Der Bürgermeister ist Rainer Schubert (SPD). Die aktuelle (2006) Zusammensetzung des Stadtrates ist wiefolgt:
Die markanteste Sehenswürdigkeit der Stadt ist die weithin über die Elbaue sichtbare Kirche „Unser Lieben Frauen“, ein dreischiffiger Hallenbau (15. Jh.?) mit ihrem 86 m hohen, imposanten Turm aus dem 19. Jahrhundert. 1854 stürzte der ursprüngliche Kirchturm teilweise ein und wurde in den folgenden fünf Jahren in der heutigen Form wieder aufgebaut.

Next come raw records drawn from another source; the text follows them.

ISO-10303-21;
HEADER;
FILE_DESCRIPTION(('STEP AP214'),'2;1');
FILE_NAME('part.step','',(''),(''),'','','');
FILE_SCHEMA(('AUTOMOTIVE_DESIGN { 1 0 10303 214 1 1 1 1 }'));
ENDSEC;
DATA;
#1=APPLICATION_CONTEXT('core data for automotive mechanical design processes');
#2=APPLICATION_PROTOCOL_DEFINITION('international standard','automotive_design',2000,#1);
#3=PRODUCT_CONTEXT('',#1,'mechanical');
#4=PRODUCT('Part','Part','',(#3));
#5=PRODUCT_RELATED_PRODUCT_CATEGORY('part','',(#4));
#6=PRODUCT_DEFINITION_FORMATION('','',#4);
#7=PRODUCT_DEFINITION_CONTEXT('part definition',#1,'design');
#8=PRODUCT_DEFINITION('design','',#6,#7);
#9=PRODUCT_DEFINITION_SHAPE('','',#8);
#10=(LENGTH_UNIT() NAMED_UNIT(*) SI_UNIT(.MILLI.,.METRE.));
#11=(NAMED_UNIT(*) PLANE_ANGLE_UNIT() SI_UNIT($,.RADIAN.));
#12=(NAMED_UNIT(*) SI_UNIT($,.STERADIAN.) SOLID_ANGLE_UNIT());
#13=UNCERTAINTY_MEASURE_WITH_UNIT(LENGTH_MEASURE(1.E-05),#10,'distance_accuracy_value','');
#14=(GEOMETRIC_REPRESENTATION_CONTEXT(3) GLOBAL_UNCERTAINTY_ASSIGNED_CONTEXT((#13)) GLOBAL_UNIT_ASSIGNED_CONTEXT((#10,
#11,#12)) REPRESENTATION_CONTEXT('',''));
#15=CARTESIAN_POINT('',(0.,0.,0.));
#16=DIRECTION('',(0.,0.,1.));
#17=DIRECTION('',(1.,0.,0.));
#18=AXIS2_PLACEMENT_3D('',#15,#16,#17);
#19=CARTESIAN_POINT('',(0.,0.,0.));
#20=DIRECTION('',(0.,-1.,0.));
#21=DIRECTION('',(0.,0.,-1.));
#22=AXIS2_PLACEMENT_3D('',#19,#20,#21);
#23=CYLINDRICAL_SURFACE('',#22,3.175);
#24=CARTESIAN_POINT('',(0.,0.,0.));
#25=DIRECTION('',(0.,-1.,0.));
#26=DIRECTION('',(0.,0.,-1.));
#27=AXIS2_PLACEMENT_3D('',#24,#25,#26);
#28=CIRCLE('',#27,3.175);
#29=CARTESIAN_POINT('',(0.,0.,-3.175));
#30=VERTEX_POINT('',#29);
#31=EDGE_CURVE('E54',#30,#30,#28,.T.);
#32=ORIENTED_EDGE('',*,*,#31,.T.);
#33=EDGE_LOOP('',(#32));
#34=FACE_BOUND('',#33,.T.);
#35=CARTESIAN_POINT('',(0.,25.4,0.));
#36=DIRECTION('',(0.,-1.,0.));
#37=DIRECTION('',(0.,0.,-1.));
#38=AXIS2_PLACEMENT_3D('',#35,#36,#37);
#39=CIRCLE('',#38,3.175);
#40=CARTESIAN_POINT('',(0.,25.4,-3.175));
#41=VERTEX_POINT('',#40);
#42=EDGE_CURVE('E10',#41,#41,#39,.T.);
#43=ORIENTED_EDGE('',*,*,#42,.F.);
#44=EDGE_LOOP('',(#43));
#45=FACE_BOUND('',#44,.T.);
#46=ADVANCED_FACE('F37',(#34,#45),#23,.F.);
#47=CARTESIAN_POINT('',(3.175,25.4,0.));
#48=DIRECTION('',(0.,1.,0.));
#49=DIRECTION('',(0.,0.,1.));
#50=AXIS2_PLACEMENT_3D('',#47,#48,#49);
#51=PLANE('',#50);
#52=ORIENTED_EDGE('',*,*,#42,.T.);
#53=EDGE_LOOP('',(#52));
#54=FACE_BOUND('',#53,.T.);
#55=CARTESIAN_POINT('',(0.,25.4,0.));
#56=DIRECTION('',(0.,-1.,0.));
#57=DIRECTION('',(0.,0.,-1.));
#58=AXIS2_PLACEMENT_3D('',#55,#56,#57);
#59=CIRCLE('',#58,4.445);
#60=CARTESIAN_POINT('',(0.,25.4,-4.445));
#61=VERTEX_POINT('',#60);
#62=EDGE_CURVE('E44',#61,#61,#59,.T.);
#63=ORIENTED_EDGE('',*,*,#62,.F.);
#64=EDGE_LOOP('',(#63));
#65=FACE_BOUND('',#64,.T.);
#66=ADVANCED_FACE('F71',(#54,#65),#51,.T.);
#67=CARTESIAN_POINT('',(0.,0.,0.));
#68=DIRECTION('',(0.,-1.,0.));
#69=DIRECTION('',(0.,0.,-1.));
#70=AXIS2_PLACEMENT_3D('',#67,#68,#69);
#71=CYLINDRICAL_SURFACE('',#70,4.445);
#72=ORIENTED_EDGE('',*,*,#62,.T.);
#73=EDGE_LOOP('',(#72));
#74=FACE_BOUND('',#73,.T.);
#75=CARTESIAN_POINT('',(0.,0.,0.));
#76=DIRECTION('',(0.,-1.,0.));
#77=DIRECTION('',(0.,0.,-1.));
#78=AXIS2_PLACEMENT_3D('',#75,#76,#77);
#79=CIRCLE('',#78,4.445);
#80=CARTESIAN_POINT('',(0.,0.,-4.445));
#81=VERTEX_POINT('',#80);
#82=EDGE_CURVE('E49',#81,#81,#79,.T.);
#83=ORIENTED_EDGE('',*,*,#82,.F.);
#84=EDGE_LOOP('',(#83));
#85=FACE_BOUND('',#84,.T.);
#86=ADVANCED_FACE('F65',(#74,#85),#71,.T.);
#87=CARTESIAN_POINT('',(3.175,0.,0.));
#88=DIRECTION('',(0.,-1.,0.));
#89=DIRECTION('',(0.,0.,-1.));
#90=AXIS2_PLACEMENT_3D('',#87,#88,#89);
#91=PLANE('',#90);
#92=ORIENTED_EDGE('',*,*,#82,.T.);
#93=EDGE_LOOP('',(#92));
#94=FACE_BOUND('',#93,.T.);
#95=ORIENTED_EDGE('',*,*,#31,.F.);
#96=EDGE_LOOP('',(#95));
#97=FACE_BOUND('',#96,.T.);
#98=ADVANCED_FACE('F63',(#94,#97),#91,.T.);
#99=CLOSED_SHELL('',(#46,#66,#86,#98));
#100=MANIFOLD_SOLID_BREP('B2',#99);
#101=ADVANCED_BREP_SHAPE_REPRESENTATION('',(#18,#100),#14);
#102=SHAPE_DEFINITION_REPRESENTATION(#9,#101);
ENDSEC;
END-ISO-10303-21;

Noch heute besitzt die Kirche interessante Präsentationsstücke wie Reste spätmittelalterlicher Wandmalereien, ein Sakramentshaus aus Sandstein und einen Schnitzaltar (beide aus dem 15. Jahrhundert) sowie einen sehr schönen Taufstein. Sehenswert sind auch das spätgotische Rathaus mit den Renaissanceanbauten, die Kursächsische Postmeilensäule von 1725 und die zum Teil noch gut erhaltene Stadtmauer aus dem 14. Jahrhundert.
Der gut erhaltene Stadtkern von Kemberg versetzt den Besucher in die Vergangenheit und lädt immer zu einem Bummel ein; der Ort ist ideal für Ausflüge in die Heide sowie die nahe gelegene Lutherstadt Wittenberg.